• [PROBLEM REQUIREMENTS] In the entries below, find the line with "#107=VECTOR('',#106,1.);" and the line with "#124=CARTESIAN_POINT('',(1.10049056,2.61743444,0.70000114));". Print those two and everything between them exactly, and nothing else.

• [MATERIAL SHOWN]
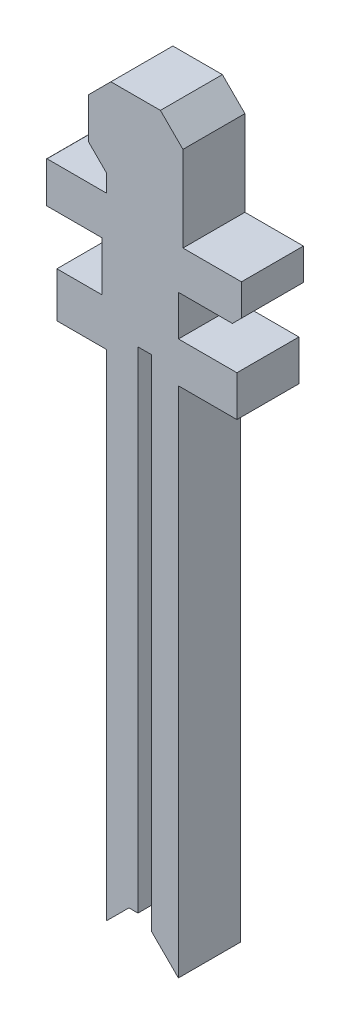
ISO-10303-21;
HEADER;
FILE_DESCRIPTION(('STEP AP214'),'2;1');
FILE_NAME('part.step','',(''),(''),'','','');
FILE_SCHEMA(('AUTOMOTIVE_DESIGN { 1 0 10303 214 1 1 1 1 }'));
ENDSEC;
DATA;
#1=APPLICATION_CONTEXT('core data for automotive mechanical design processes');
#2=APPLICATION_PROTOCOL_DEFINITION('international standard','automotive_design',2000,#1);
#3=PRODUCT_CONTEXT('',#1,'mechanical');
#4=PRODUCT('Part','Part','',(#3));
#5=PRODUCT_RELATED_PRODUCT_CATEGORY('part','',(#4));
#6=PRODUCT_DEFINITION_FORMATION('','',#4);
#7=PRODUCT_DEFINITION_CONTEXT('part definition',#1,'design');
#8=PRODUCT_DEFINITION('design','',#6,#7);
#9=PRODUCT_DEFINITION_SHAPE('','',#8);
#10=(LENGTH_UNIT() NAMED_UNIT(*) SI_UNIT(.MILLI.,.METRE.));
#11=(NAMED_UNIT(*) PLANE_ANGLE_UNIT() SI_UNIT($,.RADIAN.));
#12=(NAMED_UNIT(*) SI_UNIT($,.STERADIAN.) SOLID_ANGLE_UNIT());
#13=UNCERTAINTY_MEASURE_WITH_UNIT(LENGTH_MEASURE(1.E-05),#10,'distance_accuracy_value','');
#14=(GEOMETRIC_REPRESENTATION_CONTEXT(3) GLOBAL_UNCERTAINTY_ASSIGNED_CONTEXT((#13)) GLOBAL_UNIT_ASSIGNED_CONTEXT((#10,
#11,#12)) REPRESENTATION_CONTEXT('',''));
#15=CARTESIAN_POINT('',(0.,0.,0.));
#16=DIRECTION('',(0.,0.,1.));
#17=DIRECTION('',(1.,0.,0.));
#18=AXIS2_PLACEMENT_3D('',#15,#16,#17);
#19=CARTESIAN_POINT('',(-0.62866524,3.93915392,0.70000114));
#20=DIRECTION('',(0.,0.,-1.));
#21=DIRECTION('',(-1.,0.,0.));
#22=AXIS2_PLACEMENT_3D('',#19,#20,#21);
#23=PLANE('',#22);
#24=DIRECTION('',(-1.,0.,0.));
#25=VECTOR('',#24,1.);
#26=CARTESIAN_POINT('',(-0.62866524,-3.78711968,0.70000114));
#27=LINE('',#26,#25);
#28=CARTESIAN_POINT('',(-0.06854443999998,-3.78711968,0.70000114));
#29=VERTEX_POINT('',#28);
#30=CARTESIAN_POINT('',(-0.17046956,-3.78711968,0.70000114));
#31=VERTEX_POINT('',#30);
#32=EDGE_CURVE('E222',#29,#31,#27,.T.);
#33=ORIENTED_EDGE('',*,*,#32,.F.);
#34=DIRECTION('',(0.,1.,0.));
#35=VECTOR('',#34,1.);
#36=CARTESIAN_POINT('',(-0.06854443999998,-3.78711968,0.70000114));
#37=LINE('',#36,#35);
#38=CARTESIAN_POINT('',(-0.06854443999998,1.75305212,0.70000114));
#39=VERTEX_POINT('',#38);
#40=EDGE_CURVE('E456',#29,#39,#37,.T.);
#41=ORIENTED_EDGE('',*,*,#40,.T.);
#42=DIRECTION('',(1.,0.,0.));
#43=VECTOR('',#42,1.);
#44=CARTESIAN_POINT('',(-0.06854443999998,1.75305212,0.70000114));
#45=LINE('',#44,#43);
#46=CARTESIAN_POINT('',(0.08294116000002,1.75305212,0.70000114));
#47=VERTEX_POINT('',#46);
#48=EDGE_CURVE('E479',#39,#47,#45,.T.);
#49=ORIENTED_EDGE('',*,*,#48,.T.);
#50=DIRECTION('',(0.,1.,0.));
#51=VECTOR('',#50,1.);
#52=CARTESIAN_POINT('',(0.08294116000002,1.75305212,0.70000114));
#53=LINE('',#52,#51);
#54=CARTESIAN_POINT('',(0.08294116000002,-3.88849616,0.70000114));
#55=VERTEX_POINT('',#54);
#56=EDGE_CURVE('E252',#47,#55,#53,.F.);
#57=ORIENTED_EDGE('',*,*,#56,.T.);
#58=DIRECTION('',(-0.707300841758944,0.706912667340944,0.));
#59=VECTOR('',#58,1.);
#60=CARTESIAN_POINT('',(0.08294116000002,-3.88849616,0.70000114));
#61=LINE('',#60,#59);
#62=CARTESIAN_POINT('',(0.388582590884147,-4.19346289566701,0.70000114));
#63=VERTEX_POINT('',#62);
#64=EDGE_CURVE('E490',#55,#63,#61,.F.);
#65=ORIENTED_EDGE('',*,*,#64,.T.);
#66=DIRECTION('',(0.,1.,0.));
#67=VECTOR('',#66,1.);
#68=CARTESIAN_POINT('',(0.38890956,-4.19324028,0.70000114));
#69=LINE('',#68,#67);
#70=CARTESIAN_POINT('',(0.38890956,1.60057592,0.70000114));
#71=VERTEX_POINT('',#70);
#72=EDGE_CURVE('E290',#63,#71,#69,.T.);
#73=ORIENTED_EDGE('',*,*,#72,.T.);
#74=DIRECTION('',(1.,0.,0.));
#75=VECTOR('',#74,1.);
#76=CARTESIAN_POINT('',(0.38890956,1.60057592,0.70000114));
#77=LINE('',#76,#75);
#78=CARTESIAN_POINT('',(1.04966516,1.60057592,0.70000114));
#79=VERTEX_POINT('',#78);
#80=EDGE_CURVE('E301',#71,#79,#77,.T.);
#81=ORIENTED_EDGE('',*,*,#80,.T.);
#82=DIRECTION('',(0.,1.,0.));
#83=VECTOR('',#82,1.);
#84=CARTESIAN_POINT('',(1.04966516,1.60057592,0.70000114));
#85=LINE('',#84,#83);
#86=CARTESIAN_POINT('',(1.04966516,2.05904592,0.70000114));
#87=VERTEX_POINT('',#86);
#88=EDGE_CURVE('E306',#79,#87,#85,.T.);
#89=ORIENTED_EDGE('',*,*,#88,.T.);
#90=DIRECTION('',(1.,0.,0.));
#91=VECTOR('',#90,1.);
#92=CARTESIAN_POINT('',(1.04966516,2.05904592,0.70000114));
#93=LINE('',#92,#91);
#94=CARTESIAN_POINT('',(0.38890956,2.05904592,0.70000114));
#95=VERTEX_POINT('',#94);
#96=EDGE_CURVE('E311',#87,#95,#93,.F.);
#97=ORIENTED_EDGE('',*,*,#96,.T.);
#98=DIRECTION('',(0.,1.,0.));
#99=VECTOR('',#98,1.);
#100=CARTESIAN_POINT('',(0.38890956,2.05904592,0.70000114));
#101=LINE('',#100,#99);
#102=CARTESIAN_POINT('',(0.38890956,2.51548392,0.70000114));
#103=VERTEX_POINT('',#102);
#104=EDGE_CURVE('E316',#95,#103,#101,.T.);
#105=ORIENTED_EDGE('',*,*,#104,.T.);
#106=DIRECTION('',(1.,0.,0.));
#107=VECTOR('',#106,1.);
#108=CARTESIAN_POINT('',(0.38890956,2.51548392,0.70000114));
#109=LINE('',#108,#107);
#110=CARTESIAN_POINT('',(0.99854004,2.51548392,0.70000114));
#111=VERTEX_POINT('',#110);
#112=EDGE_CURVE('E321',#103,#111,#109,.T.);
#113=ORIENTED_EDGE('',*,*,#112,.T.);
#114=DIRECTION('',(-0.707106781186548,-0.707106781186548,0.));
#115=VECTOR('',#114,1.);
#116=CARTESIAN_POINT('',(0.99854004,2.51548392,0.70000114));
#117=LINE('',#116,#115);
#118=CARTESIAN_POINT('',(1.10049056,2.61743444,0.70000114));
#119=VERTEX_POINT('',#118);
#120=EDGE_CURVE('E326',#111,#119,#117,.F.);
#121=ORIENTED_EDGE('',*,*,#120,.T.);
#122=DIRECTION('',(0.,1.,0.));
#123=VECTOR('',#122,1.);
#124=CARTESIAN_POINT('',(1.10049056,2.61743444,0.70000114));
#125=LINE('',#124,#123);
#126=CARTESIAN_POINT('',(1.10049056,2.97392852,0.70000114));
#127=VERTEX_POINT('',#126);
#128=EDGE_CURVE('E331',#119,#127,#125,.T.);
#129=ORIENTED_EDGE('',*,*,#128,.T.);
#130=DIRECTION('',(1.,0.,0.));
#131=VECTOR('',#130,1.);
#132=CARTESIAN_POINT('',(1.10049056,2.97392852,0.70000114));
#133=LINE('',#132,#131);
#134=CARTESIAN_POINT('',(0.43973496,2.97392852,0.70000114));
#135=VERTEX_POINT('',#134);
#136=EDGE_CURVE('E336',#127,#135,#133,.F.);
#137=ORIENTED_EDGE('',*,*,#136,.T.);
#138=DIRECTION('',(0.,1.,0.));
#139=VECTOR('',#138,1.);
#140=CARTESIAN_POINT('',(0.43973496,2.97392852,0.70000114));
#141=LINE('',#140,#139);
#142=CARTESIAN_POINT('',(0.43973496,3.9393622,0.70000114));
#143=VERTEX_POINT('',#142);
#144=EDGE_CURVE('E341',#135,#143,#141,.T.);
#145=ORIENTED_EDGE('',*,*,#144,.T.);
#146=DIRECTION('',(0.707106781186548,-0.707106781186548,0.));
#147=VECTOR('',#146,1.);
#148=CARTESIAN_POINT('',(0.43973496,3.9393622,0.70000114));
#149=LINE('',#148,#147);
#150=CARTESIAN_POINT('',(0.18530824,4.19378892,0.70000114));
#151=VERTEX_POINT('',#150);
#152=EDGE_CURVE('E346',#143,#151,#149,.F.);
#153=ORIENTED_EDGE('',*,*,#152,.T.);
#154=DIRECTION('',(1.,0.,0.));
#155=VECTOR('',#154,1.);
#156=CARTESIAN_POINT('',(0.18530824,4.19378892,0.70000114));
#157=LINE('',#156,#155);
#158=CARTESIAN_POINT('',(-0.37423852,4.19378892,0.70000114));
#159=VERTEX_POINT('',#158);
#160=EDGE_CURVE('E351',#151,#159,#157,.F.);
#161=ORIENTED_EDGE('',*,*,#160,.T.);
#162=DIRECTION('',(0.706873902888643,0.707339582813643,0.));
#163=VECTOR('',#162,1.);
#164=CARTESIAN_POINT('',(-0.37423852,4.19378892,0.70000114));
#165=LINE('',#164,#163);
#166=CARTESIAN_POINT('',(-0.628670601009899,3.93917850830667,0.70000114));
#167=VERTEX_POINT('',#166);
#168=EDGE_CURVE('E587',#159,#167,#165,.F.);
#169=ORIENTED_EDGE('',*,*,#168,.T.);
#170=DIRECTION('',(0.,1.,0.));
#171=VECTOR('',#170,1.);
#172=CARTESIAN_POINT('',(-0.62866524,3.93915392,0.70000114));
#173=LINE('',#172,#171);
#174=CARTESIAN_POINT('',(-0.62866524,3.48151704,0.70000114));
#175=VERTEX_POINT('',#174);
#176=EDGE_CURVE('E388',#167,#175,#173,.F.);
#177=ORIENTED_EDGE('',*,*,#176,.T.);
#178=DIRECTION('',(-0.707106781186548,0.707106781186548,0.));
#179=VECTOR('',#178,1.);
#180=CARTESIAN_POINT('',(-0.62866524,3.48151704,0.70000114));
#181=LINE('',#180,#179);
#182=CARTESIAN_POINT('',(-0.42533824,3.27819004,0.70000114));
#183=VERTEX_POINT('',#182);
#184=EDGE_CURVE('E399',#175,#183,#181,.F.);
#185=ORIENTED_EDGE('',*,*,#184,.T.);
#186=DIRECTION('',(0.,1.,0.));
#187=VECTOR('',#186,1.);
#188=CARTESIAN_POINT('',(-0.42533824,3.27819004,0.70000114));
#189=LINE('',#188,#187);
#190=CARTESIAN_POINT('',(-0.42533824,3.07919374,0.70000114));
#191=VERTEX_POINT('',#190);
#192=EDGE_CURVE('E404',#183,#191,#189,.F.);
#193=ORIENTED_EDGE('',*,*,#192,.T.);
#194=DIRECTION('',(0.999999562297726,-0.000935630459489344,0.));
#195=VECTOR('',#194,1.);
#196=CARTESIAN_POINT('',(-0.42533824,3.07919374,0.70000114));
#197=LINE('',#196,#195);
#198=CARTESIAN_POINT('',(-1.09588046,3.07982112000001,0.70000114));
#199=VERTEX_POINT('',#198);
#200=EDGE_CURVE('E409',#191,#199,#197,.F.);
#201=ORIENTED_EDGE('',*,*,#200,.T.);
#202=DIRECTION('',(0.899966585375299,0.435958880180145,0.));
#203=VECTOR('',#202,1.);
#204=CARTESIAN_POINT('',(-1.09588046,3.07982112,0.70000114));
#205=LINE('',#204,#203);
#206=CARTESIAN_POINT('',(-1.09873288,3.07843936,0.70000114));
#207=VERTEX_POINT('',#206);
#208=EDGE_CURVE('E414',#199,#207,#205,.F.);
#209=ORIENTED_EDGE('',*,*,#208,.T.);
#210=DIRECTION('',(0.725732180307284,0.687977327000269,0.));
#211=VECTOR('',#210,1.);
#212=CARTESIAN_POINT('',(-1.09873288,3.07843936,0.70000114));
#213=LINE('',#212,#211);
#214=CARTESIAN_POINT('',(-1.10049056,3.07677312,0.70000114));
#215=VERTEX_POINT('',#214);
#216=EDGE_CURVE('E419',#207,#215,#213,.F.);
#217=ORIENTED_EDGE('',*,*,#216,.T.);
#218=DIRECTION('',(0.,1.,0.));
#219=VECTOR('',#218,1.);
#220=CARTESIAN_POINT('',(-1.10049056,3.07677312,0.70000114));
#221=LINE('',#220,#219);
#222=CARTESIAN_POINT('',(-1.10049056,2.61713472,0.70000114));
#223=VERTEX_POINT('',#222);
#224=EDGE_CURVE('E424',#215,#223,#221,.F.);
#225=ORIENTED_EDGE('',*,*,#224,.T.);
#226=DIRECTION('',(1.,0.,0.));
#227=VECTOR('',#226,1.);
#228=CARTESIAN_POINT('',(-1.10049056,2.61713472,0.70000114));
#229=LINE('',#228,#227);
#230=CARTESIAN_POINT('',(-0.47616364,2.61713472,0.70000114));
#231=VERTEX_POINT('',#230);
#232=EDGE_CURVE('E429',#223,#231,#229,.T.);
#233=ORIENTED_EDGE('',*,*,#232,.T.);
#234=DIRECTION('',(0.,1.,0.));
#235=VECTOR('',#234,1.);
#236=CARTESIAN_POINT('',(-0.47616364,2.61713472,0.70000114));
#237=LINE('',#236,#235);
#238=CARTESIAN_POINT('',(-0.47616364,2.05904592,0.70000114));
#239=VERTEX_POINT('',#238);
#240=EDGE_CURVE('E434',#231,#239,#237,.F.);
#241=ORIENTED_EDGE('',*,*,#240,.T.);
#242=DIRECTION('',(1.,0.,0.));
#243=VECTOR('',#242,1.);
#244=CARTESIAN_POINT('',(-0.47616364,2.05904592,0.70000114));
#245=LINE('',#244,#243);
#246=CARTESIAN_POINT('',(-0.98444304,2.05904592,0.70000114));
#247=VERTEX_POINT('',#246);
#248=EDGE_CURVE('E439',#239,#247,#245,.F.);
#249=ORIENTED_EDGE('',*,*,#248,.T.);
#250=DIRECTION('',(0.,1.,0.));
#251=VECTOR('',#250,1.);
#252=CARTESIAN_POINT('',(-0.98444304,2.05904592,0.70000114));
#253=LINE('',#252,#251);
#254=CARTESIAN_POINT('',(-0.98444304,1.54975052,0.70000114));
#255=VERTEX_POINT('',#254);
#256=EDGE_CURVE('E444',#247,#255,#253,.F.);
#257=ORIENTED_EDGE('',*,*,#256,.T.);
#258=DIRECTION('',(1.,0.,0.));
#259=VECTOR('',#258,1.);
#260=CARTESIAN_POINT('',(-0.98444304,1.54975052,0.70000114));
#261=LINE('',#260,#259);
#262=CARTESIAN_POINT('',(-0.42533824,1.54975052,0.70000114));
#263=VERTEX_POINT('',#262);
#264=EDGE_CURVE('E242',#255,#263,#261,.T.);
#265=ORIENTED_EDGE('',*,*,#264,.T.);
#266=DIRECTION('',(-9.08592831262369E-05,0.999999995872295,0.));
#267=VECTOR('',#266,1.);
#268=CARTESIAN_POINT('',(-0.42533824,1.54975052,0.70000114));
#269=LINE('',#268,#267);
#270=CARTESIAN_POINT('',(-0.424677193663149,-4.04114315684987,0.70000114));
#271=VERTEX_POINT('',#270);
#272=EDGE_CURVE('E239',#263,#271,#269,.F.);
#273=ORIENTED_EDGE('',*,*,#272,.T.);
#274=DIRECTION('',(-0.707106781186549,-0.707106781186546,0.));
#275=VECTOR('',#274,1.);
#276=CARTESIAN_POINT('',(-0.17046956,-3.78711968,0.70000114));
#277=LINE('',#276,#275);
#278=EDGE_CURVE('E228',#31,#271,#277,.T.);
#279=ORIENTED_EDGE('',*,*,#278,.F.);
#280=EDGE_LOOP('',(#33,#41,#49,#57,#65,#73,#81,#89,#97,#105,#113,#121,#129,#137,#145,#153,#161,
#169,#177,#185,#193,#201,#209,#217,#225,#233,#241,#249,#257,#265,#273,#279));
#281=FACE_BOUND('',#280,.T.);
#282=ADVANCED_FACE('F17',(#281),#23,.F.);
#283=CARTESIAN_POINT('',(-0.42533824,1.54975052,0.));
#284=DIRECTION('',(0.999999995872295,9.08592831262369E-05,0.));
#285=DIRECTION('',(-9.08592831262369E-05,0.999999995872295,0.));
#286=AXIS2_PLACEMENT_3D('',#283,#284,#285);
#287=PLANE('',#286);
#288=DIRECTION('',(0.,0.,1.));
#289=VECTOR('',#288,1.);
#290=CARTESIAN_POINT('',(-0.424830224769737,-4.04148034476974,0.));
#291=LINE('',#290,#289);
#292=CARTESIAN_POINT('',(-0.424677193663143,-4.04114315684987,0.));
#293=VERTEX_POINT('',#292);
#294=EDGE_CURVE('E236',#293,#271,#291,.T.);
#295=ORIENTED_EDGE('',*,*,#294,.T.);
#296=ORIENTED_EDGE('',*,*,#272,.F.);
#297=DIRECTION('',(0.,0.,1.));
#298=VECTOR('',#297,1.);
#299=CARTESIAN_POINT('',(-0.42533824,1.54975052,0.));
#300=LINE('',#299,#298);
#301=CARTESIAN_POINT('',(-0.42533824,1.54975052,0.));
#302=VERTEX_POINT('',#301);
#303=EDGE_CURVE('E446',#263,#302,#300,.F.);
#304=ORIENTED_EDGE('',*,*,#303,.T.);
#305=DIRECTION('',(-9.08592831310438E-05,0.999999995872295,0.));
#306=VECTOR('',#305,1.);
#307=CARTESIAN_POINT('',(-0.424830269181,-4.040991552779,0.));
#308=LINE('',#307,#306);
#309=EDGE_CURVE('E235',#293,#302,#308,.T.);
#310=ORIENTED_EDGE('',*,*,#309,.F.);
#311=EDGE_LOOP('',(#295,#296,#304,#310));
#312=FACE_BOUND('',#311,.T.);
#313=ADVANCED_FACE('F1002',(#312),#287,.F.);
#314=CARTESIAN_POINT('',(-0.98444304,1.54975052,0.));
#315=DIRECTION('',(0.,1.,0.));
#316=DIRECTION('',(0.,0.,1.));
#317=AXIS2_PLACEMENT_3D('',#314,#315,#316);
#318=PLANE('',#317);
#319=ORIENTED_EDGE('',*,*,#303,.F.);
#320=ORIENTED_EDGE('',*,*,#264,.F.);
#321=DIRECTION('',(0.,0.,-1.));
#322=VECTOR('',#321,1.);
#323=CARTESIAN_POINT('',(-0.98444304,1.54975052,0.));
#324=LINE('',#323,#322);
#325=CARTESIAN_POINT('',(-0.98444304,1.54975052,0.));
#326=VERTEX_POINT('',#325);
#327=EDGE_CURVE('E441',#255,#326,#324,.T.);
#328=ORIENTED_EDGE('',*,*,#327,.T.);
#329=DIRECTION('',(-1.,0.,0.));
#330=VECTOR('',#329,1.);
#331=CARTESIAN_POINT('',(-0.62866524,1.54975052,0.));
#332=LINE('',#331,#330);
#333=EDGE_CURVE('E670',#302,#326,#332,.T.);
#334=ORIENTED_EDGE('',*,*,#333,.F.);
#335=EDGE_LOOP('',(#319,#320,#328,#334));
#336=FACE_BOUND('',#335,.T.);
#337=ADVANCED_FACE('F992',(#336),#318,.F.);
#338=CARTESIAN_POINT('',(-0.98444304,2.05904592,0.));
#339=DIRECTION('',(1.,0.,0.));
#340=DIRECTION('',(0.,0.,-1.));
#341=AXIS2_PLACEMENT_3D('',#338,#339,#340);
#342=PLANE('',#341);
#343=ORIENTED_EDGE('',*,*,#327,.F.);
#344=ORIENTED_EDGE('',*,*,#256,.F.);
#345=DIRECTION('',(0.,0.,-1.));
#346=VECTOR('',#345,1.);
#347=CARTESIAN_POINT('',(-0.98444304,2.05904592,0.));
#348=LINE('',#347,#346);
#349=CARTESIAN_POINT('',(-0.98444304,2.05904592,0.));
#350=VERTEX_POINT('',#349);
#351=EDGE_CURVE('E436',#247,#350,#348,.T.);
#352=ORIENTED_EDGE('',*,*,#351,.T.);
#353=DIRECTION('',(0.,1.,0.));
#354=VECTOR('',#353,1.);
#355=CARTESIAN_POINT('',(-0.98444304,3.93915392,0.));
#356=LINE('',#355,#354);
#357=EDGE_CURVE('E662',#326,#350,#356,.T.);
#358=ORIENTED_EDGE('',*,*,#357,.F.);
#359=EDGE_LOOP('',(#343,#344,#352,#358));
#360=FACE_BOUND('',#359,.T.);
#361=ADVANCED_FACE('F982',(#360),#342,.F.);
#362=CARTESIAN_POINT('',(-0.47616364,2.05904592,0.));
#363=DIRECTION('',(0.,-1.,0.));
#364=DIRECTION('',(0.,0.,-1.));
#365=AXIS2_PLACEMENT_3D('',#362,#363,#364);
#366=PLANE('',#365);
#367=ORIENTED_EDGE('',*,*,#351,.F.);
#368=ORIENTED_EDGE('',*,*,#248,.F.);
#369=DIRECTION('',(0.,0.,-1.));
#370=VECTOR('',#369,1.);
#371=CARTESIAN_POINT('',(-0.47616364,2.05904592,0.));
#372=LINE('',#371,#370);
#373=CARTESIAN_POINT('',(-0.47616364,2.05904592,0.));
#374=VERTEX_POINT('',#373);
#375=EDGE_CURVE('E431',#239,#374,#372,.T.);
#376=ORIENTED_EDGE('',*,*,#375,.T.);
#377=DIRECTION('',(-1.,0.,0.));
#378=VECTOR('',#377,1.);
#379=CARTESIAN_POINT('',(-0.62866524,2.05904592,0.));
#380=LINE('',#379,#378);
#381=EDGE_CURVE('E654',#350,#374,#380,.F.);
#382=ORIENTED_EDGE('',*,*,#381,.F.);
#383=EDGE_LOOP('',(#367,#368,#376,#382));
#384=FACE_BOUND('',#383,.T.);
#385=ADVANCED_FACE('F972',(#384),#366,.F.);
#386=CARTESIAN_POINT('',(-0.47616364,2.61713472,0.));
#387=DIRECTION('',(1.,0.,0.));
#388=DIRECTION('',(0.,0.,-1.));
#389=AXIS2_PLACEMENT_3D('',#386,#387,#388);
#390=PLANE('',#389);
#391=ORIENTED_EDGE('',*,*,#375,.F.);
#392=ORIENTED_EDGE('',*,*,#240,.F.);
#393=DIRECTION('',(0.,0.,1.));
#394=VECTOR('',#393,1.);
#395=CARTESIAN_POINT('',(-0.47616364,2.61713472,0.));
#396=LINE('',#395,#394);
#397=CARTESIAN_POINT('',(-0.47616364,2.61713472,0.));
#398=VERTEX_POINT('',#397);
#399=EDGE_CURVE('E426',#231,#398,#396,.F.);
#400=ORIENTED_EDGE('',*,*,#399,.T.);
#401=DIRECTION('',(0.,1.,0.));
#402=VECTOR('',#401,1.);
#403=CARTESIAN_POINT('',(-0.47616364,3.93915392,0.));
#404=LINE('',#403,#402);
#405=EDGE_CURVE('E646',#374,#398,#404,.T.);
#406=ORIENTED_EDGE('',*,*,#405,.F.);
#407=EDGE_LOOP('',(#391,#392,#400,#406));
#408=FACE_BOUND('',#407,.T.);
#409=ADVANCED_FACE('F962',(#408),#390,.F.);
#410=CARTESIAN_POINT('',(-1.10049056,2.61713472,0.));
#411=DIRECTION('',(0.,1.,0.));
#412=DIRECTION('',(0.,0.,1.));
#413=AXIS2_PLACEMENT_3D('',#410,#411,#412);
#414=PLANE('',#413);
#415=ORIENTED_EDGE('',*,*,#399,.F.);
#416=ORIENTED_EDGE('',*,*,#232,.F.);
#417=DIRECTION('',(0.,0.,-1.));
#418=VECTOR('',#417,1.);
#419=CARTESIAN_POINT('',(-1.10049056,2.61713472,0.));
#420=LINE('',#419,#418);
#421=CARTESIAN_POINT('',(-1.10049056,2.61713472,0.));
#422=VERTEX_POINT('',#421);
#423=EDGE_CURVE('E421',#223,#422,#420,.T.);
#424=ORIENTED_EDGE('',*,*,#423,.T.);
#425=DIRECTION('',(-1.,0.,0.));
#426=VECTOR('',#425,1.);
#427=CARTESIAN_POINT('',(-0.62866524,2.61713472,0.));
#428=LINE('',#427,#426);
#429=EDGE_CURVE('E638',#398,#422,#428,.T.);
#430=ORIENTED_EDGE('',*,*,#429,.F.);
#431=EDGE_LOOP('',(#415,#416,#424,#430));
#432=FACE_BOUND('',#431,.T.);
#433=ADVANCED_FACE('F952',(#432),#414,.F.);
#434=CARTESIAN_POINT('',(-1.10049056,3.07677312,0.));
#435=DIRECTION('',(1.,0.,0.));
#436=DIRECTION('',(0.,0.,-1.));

• [TASK ANSWER]
#107=VECTOR('',#106,1.);
#108=CARTESIAN_POINT('',(0.38890956,2.51548392,0.70000114));
#109=LINE('',#108,#107);
#110=CARTESIAN_POINT('',(0.99854004,2.51548392,0.70000114));
#111=VERTEX_POINT('',#110);
#112=EDGE_CURVE('E321',#103,#111,#109,.T.);
#113=ORIENTED_EDGE('',*,*,#112,.T.);
#114=DIRECTION('',(-0.707106781186548,-0.707106781186548,0.));
#115=VECTOR('',#114,1.);
#116=CARTESIAN_POINT('',(0.99854004,2.51548392,0.70000114));
#117=LINE('',#116,#115);
#118=CARTESIAN_POINT('',(1.10049056,2.61743444,0.70000114));
#119=VERTEX_POINT('',#118);
#120=EDGE_CURVE('E326',#111,#119,#117,.F.);
#121=ORIENTED_EDGE('',*,*,#120,.T.);
#122=DIRECTION('',(0.,1.,0.));
#123=VECTOR('',#122,1.);
#124=CARTESIAN_POINT('',(1.10049056,2.61743444,0.70000114));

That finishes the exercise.